## Problem
Repeat each line, word for word, from the one containing "(0.25, -0.28), align=Align.FIT)" through the last line of the entries, and include no other output.

☆ ☆ ☆ ☆

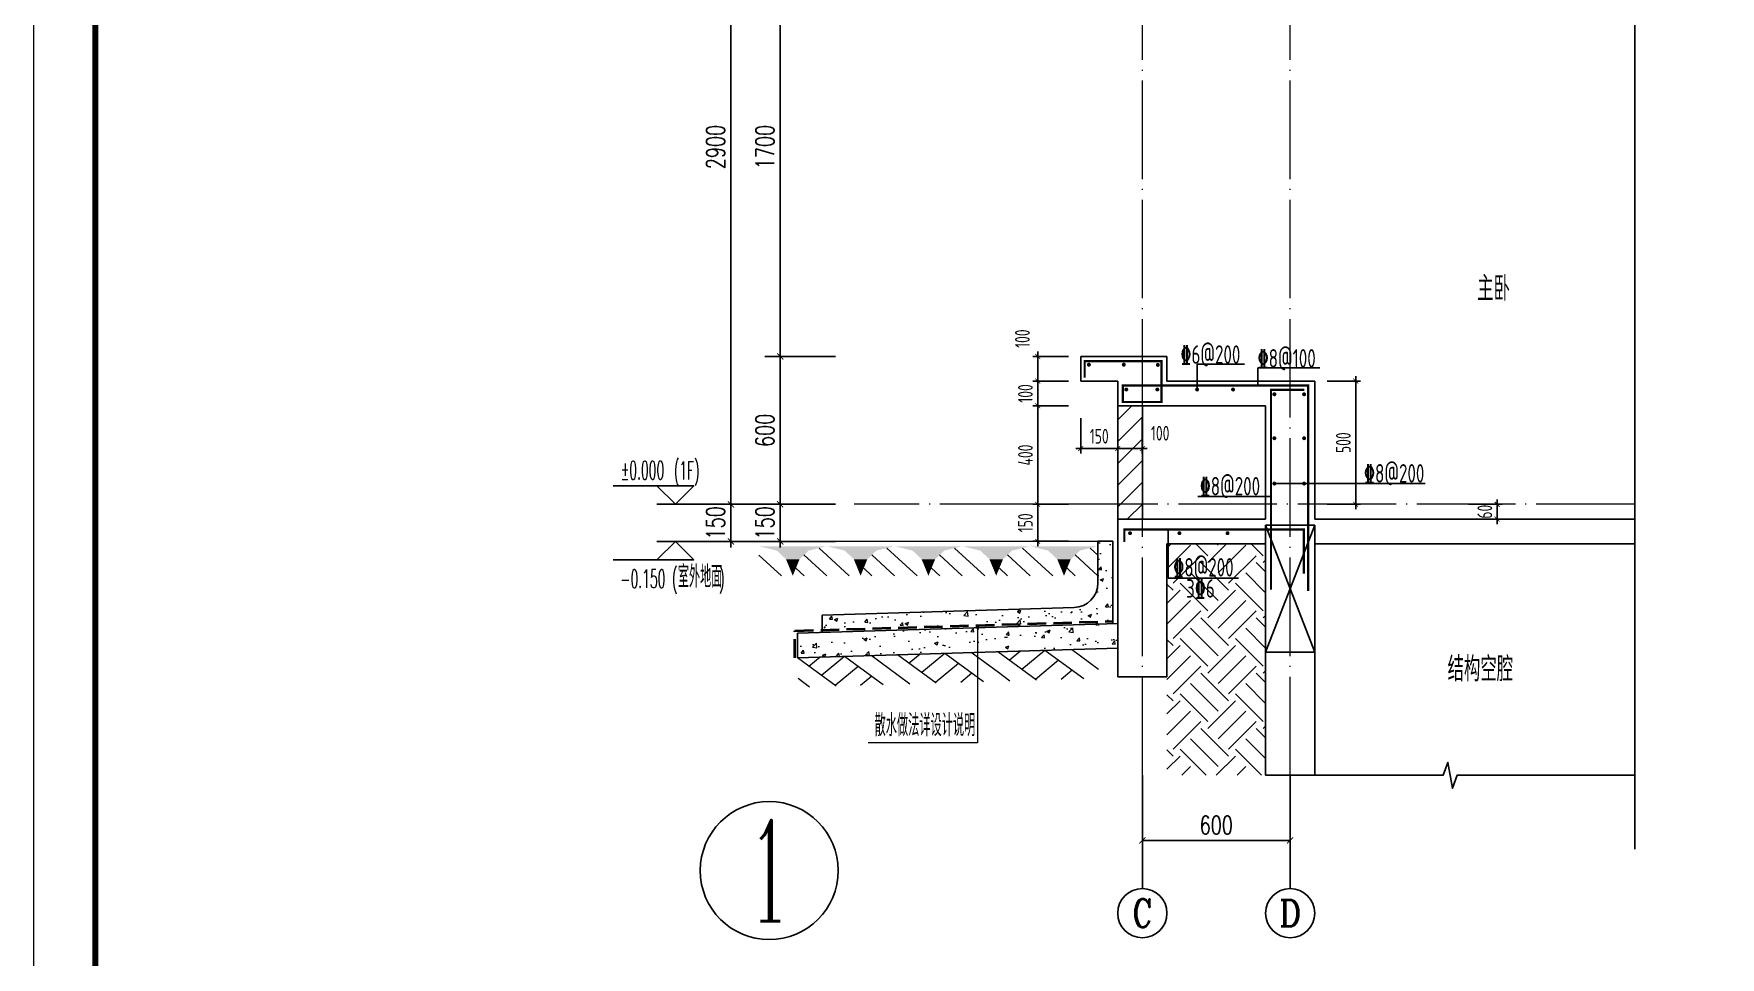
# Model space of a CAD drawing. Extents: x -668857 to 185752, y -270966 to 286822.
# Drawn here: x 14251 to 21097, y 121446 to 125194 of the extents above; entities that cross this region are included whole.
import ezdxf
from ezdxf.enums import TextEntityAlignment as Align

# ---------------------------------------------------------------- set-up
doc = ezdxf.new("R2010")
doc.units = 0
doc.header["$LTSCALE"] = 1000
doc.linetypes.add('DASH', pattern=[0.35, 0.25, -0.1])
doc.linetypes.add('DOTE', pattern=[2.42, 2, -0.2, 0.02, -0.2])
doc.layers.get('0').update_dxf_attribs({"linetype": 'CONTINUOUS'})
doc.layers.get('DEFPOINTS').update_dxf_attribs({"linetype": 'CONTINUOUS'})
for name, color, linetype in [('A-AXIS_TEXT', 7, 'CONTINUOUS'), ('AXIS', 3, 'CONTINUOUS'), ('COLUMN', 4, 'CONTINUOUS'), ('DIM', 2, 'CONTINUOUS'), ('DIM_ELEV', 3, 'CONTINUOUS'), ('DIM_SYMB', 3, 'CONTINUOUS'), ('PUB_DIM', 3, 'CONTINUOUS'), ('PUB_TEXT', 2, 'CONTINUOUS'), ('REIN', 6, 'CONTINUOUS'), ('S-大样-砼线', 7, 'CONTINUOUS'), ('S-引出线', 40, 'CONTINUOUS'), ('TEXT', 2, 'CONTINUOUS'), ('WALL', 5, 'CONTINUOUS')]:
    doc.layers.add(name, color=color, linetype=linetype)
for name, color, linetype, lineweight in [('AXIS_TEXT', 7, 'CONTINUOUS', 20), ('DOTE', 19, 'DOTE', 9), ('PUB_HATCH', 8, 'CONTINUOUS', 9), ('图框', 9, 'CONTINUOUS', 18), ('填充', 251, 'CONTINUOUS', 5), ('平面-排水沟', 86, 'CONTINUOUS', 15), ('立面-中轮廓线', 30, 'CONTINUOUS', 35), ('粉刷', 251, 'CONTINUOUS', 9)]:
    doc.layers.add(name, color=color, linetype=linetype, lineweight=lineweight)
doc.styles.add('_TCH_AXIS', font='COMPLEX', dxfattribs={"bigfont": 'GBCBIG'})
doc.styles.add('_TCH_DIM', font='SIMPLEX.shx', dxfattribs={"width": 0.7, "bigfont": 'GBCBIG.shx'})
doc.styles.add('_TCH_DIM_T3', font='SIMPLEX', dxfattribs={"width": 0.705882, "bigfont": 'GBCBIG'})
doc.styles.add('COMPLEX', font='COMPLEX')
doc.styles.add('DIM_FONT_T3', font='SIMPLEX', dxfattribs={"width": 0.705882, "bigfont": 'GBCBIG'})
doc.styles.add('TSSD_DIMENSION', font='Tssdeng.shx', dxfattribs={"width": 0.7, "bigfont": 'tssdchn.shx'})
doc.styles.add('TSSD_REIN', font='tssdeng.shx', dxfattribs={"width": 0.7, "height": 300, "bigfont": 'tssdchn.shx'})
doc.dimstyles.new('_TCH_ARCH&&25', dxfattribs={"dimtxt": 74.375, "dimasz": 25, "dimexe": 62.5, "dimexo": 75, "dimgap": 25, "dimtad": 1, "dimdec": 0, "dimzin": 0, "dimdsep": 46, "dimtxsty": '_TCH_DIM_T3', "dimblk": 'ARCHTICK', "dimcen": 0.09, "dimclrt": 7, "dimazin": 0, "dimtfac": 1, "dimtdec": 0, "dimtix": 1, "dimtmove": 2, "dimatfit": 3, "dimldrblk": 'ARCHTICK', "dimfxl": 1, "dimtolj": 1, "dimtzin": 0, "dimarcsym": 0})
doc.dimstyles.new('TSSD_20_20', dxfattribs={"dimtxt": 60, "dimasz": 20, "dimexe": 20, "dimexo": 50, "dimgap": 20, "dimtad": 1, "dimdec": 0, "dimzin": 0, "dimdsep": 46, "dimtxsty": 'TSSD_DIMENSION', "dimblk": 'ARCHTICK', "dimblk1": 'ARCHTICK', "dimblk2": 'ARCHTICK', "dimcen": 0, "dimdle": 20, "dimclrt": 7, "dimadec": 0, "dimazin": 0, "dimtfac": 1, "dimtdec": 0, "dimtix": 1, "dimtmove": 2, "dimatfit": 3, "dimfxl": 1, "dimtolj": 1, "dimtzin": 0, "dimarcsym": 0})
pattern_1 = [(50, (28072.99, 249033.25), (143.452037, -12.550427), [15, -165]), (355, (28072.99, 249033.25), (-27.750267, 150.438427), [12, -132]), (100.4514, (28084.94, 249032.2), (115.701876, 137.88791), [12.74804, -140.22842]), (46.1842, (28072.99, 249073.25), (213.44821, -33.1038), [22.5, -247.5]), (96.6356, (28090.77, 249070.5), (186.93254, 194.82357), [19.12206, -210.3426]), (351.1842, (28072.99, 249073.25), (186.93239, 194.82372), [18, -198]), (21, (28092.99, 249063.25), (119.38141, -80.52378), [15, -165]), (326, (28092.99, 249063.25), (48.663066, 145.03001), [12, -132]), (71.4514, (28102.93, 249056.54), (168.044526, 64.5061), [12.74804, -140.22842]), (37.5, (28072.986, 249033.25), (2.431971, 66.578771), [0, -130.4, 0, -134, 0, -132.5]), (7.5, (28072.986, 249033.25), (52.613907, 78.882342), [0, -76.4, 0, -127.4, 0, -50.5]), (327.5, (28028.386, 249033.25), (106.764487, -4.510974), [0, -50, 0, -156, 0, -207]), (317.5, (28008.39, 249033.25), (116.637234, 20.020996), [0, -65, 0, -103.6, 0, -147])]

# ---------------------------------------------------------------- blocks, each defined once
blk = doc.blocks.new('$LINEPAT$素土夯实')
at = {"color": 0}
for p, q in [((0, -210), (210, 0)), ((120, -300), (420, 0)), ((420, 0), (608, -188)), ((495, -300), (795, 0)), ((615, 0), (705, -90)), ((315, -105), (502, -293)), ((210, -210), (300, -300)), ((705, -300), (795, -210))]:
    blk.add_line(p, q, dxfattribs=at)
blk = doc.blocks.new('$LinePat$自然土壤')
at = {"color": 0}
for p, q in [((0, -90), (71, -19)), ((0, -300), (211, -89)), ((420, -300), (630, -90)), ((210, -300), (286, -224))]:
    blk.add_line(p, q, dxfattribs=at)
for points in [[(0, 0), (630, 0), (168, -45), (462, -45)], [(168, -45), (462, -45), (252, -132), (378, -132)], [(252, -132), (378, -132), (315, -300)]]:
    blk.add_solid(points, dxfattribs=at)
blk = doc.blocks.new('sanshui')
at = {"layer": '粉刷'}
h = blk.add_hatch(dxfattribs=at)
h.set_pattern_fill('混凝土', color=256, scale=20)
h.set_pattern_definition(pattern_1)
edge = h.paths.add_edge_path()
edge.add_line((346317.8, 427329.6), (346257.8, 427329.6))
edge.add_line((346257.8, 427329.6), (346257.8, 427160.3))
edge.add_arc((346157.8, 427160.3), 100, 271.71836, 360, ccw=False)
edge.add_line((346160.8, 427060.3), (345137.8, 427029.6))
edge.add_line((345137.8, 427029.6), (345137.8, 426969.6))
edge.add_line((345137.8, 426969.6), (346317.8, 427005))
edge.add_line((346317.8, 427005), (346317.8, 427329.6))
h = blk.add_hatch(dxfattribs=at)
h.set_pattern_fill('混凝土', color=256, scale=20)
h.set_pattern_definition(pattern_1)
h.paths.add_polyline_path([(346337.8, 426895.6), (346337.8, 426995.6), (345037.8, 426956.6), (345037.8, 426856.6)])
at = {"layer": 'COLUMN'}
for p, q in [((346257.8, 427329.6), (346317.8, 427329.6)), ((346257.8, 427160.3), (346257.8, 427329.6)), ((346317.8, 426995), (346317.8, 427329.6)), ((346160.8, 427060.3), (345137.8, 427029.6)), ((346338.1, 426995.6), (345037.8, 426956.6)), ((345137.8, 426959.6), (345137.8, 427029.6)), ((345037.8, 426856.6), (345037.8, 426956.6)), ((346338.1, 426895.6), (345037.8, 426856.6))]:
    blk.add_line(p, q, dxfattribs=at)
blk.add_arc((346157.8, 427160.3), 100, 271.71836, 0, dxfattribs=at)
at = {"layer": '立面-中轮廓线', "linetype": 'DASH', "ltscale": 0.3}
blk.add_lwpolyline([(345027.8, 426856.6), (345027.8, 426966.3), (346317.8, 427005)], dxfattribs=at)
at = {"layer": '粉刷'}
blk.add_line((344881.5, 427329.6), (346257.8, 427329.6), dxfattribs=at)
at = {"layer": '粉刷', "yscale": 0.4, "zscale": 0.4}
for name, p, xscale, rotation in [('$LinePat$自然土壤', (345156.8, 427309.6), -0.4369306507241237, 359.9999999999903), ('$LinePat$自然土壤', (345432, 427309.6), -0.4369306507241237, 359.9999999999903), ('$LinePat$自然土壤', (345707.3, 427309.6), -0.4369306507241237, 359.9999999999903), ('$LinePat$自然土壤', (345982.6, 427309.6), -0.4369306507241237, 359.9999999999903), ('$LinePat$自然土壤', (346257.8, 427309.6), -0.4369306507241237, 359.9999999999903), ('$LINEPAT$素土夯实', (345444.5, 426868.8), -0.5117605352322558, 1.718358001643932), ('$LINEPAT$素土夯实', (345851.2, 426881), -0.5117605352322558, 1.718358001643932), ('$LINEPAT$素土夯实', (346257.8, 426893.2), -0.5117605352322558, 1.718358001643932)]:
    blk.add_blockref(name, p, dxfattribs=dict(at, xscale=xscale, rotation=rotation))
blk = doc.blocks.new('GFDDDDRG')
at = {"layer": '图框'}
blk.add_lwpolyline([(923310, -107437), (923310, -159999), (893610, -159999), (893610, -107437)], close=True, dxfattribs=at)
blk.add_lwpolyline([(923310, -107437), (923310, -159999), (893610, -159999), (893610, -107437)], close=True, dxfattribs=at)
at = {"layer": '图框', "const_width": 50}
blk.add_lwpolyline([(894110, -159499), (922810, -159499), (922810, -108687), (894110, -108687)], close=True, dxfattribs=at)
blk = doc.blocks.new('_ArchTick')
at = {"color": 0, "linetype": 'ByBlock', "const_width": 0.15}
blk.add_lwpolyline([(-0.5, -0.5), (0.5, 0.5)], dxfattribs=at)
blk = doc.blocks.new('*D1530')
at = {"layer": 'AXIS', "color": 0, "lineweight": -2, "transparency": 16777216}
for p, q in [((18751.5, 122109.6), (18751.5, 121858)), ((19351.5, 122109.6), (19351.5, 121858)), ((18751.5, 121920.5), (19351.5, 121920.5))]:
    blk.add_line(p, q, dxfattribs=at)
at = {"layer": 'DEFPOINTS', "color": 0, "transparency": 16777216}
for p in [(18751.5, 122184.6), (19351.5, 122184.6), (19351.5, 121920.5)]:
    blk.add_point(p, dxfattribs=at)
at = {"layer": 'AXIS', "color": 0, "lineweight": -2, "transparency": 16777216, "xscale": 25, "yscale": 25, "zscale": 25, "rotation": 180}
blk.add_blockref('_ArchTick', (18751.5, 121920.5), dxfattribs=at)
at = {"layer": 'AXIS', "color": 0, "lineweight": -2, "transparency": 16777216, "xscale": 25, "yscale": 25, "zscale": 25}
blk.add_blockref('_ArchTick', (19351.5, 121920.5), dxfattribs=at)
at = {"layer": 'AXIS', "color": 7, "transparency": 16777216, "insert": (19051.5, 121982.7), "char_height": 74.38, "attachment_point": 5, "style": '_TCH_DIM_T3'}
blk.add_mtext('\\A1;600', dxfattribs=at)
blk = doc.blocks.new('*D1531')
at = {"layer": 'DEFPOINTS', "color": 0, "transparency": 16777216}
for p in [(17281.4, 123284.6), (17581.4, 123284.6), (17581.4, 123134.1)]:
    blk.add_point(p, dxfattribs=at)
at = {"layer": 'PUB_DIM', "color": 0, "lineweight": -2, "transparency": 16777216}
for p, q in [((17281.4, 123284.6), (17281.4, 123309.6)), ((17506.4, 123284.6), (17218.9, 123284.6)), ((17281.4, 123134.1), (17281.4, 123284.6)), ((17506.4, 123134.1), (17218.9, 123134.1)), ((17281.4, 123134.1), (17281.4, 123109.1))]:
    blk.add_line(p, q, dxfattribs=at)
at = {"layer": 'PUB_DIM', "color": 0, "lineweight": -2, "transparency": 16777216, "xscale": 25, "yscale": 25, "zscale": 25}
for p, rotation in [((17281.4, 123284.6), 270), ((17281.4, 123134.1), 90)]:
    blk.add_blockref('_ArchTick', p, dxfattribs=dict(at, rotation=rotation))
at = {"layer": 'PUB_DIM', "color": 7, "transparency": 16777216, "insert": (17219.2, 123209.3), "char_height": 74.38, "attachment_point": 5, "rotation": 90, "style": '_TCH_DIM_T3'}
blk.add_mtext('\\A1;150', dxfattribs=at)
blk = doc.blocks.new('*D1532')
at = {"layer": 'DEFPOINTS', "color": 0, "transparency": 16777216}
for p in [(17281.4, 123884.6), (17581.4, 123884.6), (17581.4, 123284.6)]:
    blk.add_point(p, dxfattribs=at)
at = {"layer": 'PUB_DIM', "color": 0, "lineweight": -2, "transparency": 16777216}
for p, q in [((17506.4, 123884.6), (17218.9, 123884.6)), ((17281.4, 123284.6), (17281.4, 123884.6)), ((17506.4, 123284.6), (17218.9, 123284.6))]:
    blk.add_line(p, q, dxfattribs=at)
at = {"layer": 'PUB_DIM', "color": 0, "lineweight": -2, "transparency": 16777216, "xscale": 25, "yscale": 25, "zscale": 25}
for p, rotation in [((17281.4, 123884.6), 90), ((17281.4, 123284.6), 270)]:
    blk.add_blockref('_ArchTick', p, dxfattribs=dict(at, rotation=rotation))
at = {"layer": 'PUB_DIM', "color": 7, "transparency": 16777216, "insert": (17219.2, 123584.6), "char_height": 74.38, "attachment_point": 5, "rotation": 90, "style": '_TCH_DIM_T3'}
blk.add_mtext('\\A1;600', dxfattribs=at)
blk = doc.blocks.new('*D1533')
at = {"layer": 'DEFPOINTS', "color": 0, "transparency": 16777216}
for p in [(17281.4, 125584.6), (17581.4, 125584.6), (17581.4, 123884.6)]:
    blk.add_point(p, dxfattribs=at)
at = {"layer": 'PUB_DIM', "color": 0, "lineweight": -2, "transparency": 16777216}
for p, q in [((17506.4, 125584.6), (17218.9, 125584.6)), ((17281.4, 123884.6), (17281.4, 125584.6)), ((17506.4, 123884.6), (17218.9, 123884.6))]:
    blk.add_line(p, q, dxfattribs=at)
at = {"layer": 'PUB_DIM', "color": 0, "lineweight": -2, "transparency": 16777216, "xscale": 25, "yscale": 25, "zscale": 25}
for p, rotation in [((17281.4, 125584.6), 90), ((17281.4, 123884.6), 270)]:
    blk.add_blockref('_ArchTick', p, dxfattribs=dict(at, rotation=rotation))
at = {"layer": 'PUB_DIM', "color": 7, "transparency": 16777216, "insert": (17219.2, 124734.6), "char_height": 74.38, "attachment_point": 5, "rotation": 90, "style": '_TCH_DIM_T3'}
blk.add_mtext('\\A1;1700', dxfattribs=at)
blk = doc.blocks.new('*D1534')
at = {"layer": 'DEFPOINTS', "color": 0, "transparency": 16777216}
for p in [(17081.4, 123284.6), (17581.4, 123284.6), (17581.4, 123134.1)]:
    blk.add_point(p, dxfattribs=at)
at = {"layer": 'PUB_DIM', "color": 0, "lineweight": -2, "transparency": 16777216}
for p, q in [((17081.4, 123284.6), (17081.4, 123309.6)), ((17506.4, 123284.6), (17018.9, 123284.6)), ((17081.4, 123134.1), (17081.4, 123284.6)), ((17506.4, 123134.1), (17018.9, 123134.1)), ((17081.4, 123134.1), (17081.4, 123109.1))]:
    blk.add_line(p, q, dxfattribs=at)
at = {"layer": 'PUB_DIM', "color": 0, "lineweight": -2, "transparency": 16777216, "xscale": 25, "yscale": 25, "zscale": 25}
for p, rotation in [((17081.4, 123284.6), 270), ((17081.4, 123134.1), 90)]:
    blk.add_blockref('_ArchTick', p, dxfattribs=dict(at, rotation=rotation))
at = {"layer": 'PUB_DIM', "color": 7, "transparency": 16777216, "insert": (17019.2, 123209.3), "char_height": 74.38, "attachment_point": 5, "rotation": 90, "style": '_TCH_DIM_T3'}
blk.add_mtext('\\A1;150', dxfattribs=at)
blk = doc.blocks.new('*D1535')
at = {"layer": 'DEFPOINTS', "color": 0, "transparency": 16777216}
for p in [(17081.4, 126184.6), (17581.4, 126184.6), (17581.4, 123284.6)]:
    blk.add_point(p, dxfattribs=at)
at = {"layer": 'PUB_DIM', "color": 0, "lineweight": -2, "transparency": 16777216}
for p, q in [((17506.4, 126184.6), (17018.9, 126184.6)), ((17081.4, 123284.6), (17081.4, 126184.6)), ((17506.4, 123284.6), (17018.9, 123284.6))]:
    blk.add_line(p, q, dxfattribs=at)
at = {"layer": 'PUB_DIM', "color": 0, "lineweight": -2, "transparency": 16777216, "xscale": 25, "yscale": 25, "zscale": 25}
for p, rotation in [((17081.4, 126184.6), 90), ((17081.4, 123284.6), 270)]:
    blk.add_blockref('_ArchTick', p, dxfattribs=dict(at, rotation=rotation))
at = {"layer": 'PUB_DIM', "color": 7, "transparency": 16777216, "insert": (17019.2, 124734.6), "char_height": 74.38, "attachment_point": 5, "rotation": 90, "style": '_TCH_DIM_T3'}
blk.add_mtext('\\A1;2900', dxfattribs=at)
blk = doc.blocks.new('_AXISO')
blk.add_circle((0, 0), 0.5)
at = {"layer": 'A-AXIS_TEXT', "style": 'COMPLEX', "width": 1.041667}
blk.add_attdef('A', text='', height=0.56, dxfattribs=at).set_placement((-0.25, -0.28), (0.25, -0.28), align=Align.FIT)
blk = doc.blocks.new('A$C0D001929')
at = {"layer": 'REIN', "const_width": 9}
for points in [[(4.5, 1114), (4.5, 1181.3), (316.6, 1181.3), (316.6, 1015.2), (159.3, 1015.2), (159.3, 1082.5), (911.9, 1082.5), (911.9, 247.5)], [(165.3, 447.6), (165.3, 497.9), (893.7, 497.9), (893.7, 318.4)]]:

☆ ☆ ☆ ☆

## Task result
blk.add_attdef('A', text='', height=0.56, dxfattribs=at).set_placement((-0.25, -0.28), (0.25, -0.28), align=Align.FIT)
blk = doc.blocks.new('A$C0D001929')
at = {"layer": 'REIN', "const_width": 9}
for points in [[(4.5, 1114), (4.5, 1181.3), (316.6, 1181.3), (316.6, 1015.2), (159.3, 1015.2), (159.3, 1082.5), (911.9, 1082.5), (911.9, 247.5)], [(165.3, 447.6), (165.3, 497.9), (893.7, 497.9), (893.7, 318.4)]]:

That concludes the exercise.